Stored data entries
▬▬▬
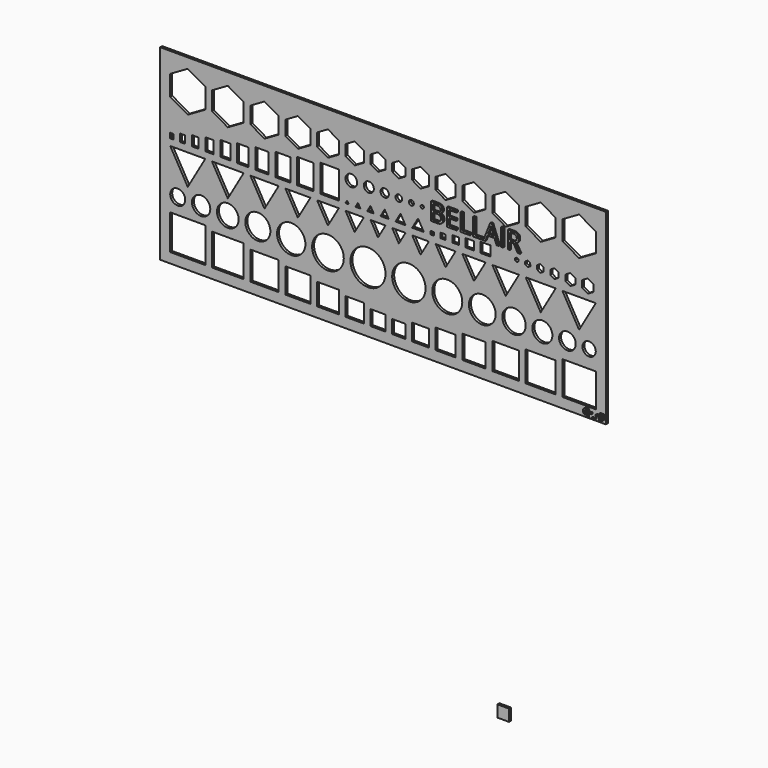
from build123d import *

# Parameters (mm, degrees)
F0_W         = 7
F0_H         = 7
F1_DEPTH     = 1.5
F0_W_2       = 267
F0_H_2       = 112.1280236695
F0_W_3       = 21
F0_H_3       = 21
F0_R         = 4.5
F0_R_2       = 5.5
F0_W_4       = 19
F0_H_4       = 19
F0_W_5       = 17
F0_H_5       = 17
F0_R_3       = 6.5
F0_R_4       = 7.5
F0_W_6       = 15
F0_H_6       = 15
F0_R_5       = 8.5
F0_W_7       = 13
F0_H_7       = 13
F0_W_8       = 11
F0_H_8       = 11
F0_W_9       = 9
F0_H_9       = 9
F0_R_6       = 9.5
F0_R_7       = 10.5
F0_W_10      = 2
F0_H_10      = 3
F0_W_11      = 3
F0_H_11      = 4.5
F0_W_12      = 4
F0_H_12      = 6
F0_W_13      = 5
F0_H_13      = 7.5
F0_W_14      = 6
F0_H_14      = 10.5
F0_W_15      = 8
F0_H_15      = 12
F0_H_16      = 13.5
F0_W_16      = 10
F0_H_17      = 16.5
F0_R_8       = 3
F0_H_18      = 8
F0_H_19      = 10
F0_R_9       = 10
F0_W_17      = 12
F0_W_18      = 14
F0_H_20      = 14
F0_R_10      = 9
F0_R_11      = 8
F0_W_19      = 16
F0_H_21      = 16
F0_W_20      = 18
F0_H_22      = 18
F0_R_12      = 7
F0_R_13      = 6
F0_W_21      = 20
F0_H_23      = 20
F0_R_14      = 5
F0_R_15      = 4
F0_H_24      = 2
F0_H_25      = 4
F0_H_26      = 5
F0_R_16      = 2.5
F0_R_17      = 2
F0_R_18      = 1.5
F0_R_19      = 1
F2_TEXT_SIZE = 14.5815519823
F3_DEPTH     = 1
F4_TEXT_SIZE = 5.6002633859
F5_DEPTH     = 1


# Not quite as in the source:
# - Text() gives the source's letters only with a copy of the font that has no kerning and outlines rounded to 1/6400 em; it was checked with that copy


with BuildPart() as f1:
    # F0 (on Front) → F1 (new body)
    with BuildSketch(Plane.XZ):
        with Locations((66.5000000737, -178.3107280108)):
            Rectangle(F0_W, F0_H)
    extrude(amount=F1_DEPTH)


with BuildPart() as f1b:
    # F0 (on Front) → F1, piece 2 (new body)
    with BuildSketch(Plane.XZ):
        with Locations((-5.5, 50.0640118348)):
            Rectangle(F0_W_2, F0_H_2)
        with Locations((-122.5, 10.5)):
            Rectangle(F0_W_3, F0_H_3, mode=Mode.SUBTRACT)
        with Locations((-128.5, 30.5)):
            Circle(F0_R, mode=Mode.SUBTRACT)
        with Locations((-114.5, 30.5)):
            Circle(F0_R_2, mode=Mode.SUBTRACT)
        with Locations((-98.5, 9.5)):
            Rectangle(F0_W_4, F0_H_4, mode=Mode.SUBTRACT)
        with Locations((-76.5, 8.5)):
            Rectangle(F0_W_5, F0_H_5, mode=Mode.SUBTRACT)
        with Locations((-98.5, 30.4999999999)):
            Circle(F0_R_3, mode=Mode.SUBTRACT)
        with Locations((-80.5, 30.4999999999)):
            Circle(F0_R_4, mode=Mode.SUBTRACT)
        with Locations((-56.5, 7.5000000003)):
            Rectangle(F0_W_6, F0_H_6, mode=Mode.SUBTRACT)
        with Locations((-60.5, 30.5)):
            Circle(F0_R_5, mode=Mode.SUBTRACT)
        with Locations((-38.5, 6.5)):
            Rectangle(F0_W_7, F0_H_7, mode=Mode.SUBTRACT)
        with Locations((-22.5, 5.5)):
            Rectangle(F0_W_8, F0_H_8, mode=Mode.SUBTRACT)
        with Locations((-8.5, 4.5)):
            Rectangle(F0_W_9, F0_H_9, mode=Mode.SUBTRACT)
        with Locations((-38.5, 30.5)):
            Circle(F0_R_6, mode=Mode.SUBTRACT)
        with Locations((-14.5, 30.5)):
            Circle(F0_R_7, mode=Mode.SUBTRACT)
        Polygon((-122.5000000002, 37.8115810376), (-133.0000000002, 55.9981145171), (-112.0000000002, 55.9981145171), align=None, mode=Mode.SUBTRACT)
        with Locations((-131.9999999263, 61.4981145171)):
            Rectangle(F0_W_10, F0_H_10, mode=Mode.SUBTRACT)
        with Locations((-125.4999999263, 62.2481145171)):
            Rectangle(F0_W_11, F0_H_11, mode=Mode.SUBTRACT)
        with Locations((-117.9999999263, 62.9981145171)):
            Rectangle(F0_W_12, F0_H_12, mode=Mode.SUBTRACT)
        with Locations((-109.4999999263, 63.7481145171)):
            Rectangle(F0_W_13, F0_H_13, mode=Mode.SUBTRACT)
        Polygon((-98.5000000002, 39.5436318452), (-108.0000000002, 55.9981145171), (-89.0000000002, 55.9981145171), align=None, mode=Mode.SUBTRACT)
        Polygon((-76.5000000002, 41.2756826531), (-85.0000000002, 55.9981145174), (-68.0000000002, 55.9981145174), align=None, mode=Mode.SUBTRACT)
        with Locations((-99.9999999263, 64.4981145171)):
            Rectangle(F0_W_14, F0_H_9, mode=Mode.SUBTRACT)
        with Locations((-89.4999999263, 65.2481145171)):
            Rectangle(F0_W, F0_H_14, mode=Mode.SUBTRACT)
        with Locations((-77.9999999263, 65.9981145171)):
            Rectangle(F0_W_15, F0_H_15, mode=Mode.SUBTRACT)
        Polygon((-122.5, 100.1280236695), (-112, 94.065845843), (-112, 81.94149019), (-122.5, 75.8793123636), (-133, 81.94149019), (-133, 94.065845843), align=None, mode=Mode.SUBTRACT)
        Polygon((-98.5, 77.0340129019), (-108, 82.5188404592), (-108, 93.4884955738), (-98.5, 98.9733231311), (-89, 93.4884955738), (-89, 82.5188404592), align=None, mode=Mode.SUBTRACT)
        Polygon((-76.5, 78.1887134403), (-85, 83.0961907284), (-85, 92.9111453047), (-76.5, 97.8186225928), (-68, 92.9111453047), (-68, 83.0961907284), align=None, mode=Mode.SUBTRACT)
        Polygon((-56.5000000002, 43.0077334606), (-64.0000000002, 55.9981145174), (-49.0000000002, 55.9981145174), align=None, mode=Mode.SUBTRACT)
        with Locations((-65.4999999263, 66.7481145171)):
            Rectangle(F0_W_9, F0_H_16, mode=Mode.SUBTRACT)
        with Locations((-51.9999999263, 67.4981145171)):
            Rectangle(F0_W_16, F0_H_6, mode=Mode.SUBTRACT)
        Polygon((-38.5000000002, 44.7397842682), (-45.0000000002, 55.9981145174), (-32.0000000002, 55.9981145174), align=None, mode=Mode.SUBTRACT)
        Polygon((-22.5000000002, 46.4718350758), (-28.0000000002, 55.9981145174), (-17.0000000002, 55.9981145174), align=None, mode=Mode.SUBTRACT)
        Polygon((-8.5000000004, 48.2038858834), (-13.0000000002, 55.9981145176), (-4.0000000002, 55.9981145174), align=None, mode=Mode.SUBTRACT)
        Polygon((-26.9999999263, 61.7301653326), (-25.9999999263, 59.9981145251), (-27.9999999263, 59.9981145251), align=None, mode=Mode.SUBTRACT)
        with Locations((-37.4999999263, 68.2481145171)):
            Rectangle(F0_W_8, F0_H_17, mode=Mode.SUBTRACT)
        Polygon((-20.4999999276, 62.5961907282), (-18.9999999263, 59.9981145176), (-21.9999999263, 59.998114516), align=None, mode=Mode.SUBTRACT)
        Polygon((-12.9999999263, 63.4622161402), (-10.9999999263, 59.9981145251), (-14.9999999263, 59.9981145251), align=None, mode=Mode.SUBTRACT)
        Polygon((-56.5, 96.6639220544), (-49, 92.3337950355), (-49, 83.6735409976), (-56.5, 79.3434139787), (-64, 83.6735409976), (-64, 92.3337950355), align=None, mode=Mode.SUBTRACT)
        with BuildLine():
            ThreePointArc((-21, 72.9981145171), (-24.5, 69.4981145171), (-28, 72.9981145171))
            ThreePointArc((-28, 72.9981145171), (-24.5, 76.4981145171), (-21, 72.9981145171))
        make_face(mode=Mode.SUBTRACT)
        Polygon((-38.5, 95.509221516), (-32, 91.7564447663), (-32, 84.2508912668), (-38.5, 80.4981145171), (-45, 84.2508912668), (-45, 91.7564447663), align=None, mode=Mode.SUBTRACT)
        Polygon((-22.5, 81.6528150555), (-28, 84.828241536), (-28, 91.1790944971), (-22.5, 94.3545209776), (-17, 91.1790944971), (-17, 84.828241536), align=None, mode=Mode.SUBTRACT)
        with Locations((-14, 72.9981145171)):
            Circle(F0_R_8, mode=Mode.SUBTRACT)
        Polygon((-8.5, 82.8075155938), (-13, 85.4055918052), (-13, 90.6017442279), (-8.5, 93.1998204392), (-4, 90.6017442279), (-4, 85.4055918052), align=None, mode=Mode.SUBTRACT)
        with Locations((4, 4)):
            Rectangle(F0_W_15, F0_H_18, mode=Mode.SUBTRACT)
        with Locations((17, 5)):
            Rectangle(F0_W_16, F0_H_19, mode=Mode.SUBTRACT)
        with Locations((10, 30.5)):
            Circle(F0_R_9, mode=Mode.SUBTRACT)
        with Locations((32, 6)):
            Rectangle(F0_W_17, F0_H_15, mode=Mode.SUBTRACT)
        with Locations((49, 7)):
            Rectangle(F0_W_18, F0_H_20, mode=Mode.SUBTRACT)
        with Locations((33, 30.5)):
            Circle(F0_R_10, mode=Mode.SUBTRACT)
        with Locations((54, 30.5)):
            Circle(F0_R_11, mode=Mode.SUBTRACT)
        with Locations((68, 8)):
            Rectangle(F0_W_19, F0_H_21, mode=Mode.SUBTRACT)
        with Locations((89, 9)):
            Rectangle(F0_W_20, F0_H_22, mode=Mode.SUBTRACT)
        with Locations((73, 30.5)):
            Circle(F0_R_12, mode=Mode.SUBTRACT)
        with Locations((90, 30.5)):
            Circle(F0_R_13, mode=Mode.SUBTRACT)
        with Locations((112, 10)):
            Rectangle(F0_W_21, F0_H_23, mode=Mode.SUBTRACT)
        with Locations((105, 30.5)):
            Circle(F0_R_14, mode=Mode.SUBTRACT)
        with Locations((118, 30.5)):
            Circle(F0_R_15, mode=Mode.SUBTRACT)
        Polygon((17, 47.3378604792), (12, 55.9981145171), (22, 55.9981145171), align=None, mode=Mode.SUBTRACT)
        Polygon((3.9999999999, 49.0699112869), (-2e-10, 55.9981145174), (8, 55.9981145174), align=None, mode=Mode.SUBTRACT)
        Polygon((-4.4999999263, 64.3282415484), (-1.9999999263, 59.9981145294), (-6.9999999263, 59.9981145294), align=None, mode=Mode.SUBTRACT)
        Polygon((5.0000000737, 65.1942669514), (8.0000000737, 59.9981145287), (2.0000000737, 59.9981145287), align=None, mode=Mode.SUBTRACT)
        with Locations((24.0000000737, 60.9981145171)):
            Rectangle(F0_W_10, F0_H_24, mode=Mode.SUBTRACT)
        Polygon((15.5000000737, 66.0602923559), (19.0000000737, 59.9981145294), (12.0000000737, 59.9981145294), align=None, mode=Mode.SUBTRACT)
        Polygon((32, 45.6058096717), (26, 55.9981145171), (38, 55.9981145171), align=None, mode=Mode.SUBTRACT)
        Polygon((49, 43.8737588641), (42, 55.9981145171), (56, 55.9981145171), align=None, mode=Mode.SUBTRACT)
        with Locations((30.5000000737, 61.4981145171)):
            Rectangle(F0_W_11, F0_H_10, mode=Mode.SUBTRACT)
        with Locations((38.0000000737, 61.9981145171)):
            Rectangle(F0_W_12, F0_H_25, mode=Mode.SUBTRACT)
        with Locations((46.5000000737, 62.4981145171)):
            Rectangle(F0_W_13, F0_H_26, mode=Mode.SUBTRACT)
        with Locations((56.0000000737, 62.9981145171)):
            Rectangle(F0_W_14, F0_H_12, mode=Mode.SUBTRACT)
        with Locations((-4.5, 72.9981145171)):
            Circle(F0_R_16, mode=Mode.SUBTRACT)
        with Locations((4, 72.9981145171)):
            Circle(F0_R_17, mode=Mode.SUBTRACT)
        Polygon((4, 83.384865863), (0, 85.6942669398), (0, 90.3130690933), (4, 92.6224701701), (8, 90.3130690933), (8, 85.6942669398), align=None, mode=Mode.SUBTRACT)
        with Locations((11.5, 72.9981145171)):
            Circle(F0_R_18, mode=Mode.SUBTRACT)
        with Locations((18, 72.9981145171)):
            Circle(F0_R_19, mode=Mode.SUBTRACT)
        Polygon((17, 93.7771707084), (22, 90.8904193625), (22, 85.1169166706), (17, 82.2301653246), (12, 85.1169166706), (12, 90.8904193625), align=None, mode=Mode.SUBTRACT)
        Polygon((32, 81.0754647863), (26, 84.5395664014), (26, 91.4677696317), (32, 94.9318712468), (38, 91.4677696317), (38, 84.5395664014), align=None, mode=Mode.SUBTRACT)
        Polygon((49, 79.9207642479), (42, 83.9622161322), (42, 92.0451199009), (49, 96.0865717852), (56, 92.0451199009), (56, 83.9622161322), align=None, mode=Mode.SUBTRACT)
        Polygon((68, 42.1417080565), (60, 55.9981145171), (76, 55.9981145171), align=None, mode=Mode.SUBTRACT)
        Polygon((89, 40.409657249), (80, 55.9981145171), (98, 55.9981145171), align=None, mode=Mode.SUBTRACT)
        Polygon((74.7341739481, 64.6528143443), (75.7348142498, 64.0765745332), (75.7360960856, 62.9218747063), (74.7367376196, 62.3434146905), (73.7360973179, 62.9196545016), (73.7348154821, 64.0743543285), align=None, mode=Mode.SUBTRACT)
        Polygon((81.2335370352, 65.2301642578), (82.7344974878, 64.3658045411), (82.7364202415, 62.6337548008), (81.2373825426, 61.7660647771), (79.73642209, 62.6304244937), (79.7344993363, 64.362474234), align=None, mode=Mode.SUBTRACT)
        Polygon((88.7380280817, 61.1887148636), (86.7367474783, 62.3411944858), (86.7341838067, 64.6505941396), (88.7329007386, 65.8075141712), (90.734181342, 64.655034549), (90.7367450136, 62.3456348952), align=None, mode=Mode.SUBTRACT)
        Polygon((112, 38.6776064417), (102, 55.9981145174), (122, 55.9981145174), align=None, mode=Mode.SUBTRACT)
        Polygon((97.2322650581, 66.3848640846), (99.7338658124, 64.9442645569), (99.7370704019, 62.0575149897), (97.238674237, 60.6113649502), (94.7370734827, 62.0519644779), (94.7338688932, 64.9387140451), align=None, mode=Mode.SUBTRACT)
        Polygon((106.7316299937, 66.9622139981), (109.7335508989, 65.2334945648), (109.7373964063, 61.7693950841), (106.7393210085, 60.0340150367), (103.7374001033, 61.76273447), (103.7335545959, 65.2268339507), align=None, mode=Mode.SUBTRACT)
        Polygon((117.2309955456, 67.5395639115), (120.7332366016, 65.5227245727), (120.7377230269, 61.4812751786), (117.2399683961, 59.4566651233), (113.73772734, 61.4735044621), (113.7332409148, 65.5149538562), align=None, mode=Mode.SUBTRACT)
        Polygon((68, 78.7660637095), (60, 83.384865863), (60, 92.6224701701), (68, 97.2412723236), (76, 92.6224701701), (76, 83.384865863), align=None, mode=Mode.SUBTRACT)
        Polygon((89, 77.6113631711), (80, 82.8075155938), (80, 93.1998204392), (89, 98.395972862), (98, 93.1998204392), (98, 82.8075155938), align=None, mode=Mode.SUBTRACT)
        Polygon((112, 76.4566626327), (102, 82.2301653246), (102, 93.7771707084), (112, 99.5506734003), (122, 93.7771707084), (122, 82.2301653246), align=None, mode=Mode.SUBTRACT)
    extrude(amount=F1_DEPTH)

    # F2 (on face) → F3 (join)
    with BuildSketch(Plane.XZ.offset(1.5)):
        with Locations((22.6940829307, 67.9160133004)):
            Text('BELLAIR', F2_TEXT_SIZE, font='Open Sans', text_align=(TextAlign.LEFT, TextAlign.BOTTOM))
    extrude(amount=F3_DEPTH)

    # F4 (on face) → F5 (join)
    with BuildSketch(Plane.XZ.offset(1.5)):
        with Locations((114.8945086359, -4.0321896378)):
            Text('q-_-p', F4_TEXT_SIZE, font='Open Sans', font_style=FontStyle.BOLD, text_align=(TextAlign.LEFT, TextAlign.BOTTOM))
    extrude(amount=F5_DEPTH)


solid = Compound([f1.part, f1b.part])
▬▬▬
Problem requirements: Output the line containing "# F4 (on face) → F5 (join)" and each line after it through the close of the entries, unchanged and with no other lines.

Solved exercise:
    # F4 (on face) → F5 (join)
    with BuildSketch(Plane.XZ.offset(1.5)):
        with Locations((114.8945086359, -4.0321896378)):
            Text('q-_-p', F4_TEXT_SIZE, font='Open Sans', font_style=FontStyle.BOLD, text_align=(TextAlign.LEFT, TextAlign.BOTTOM))
    extrude(amount=F5_DEPTH)


solid = Compound([f1.part, f1b.part])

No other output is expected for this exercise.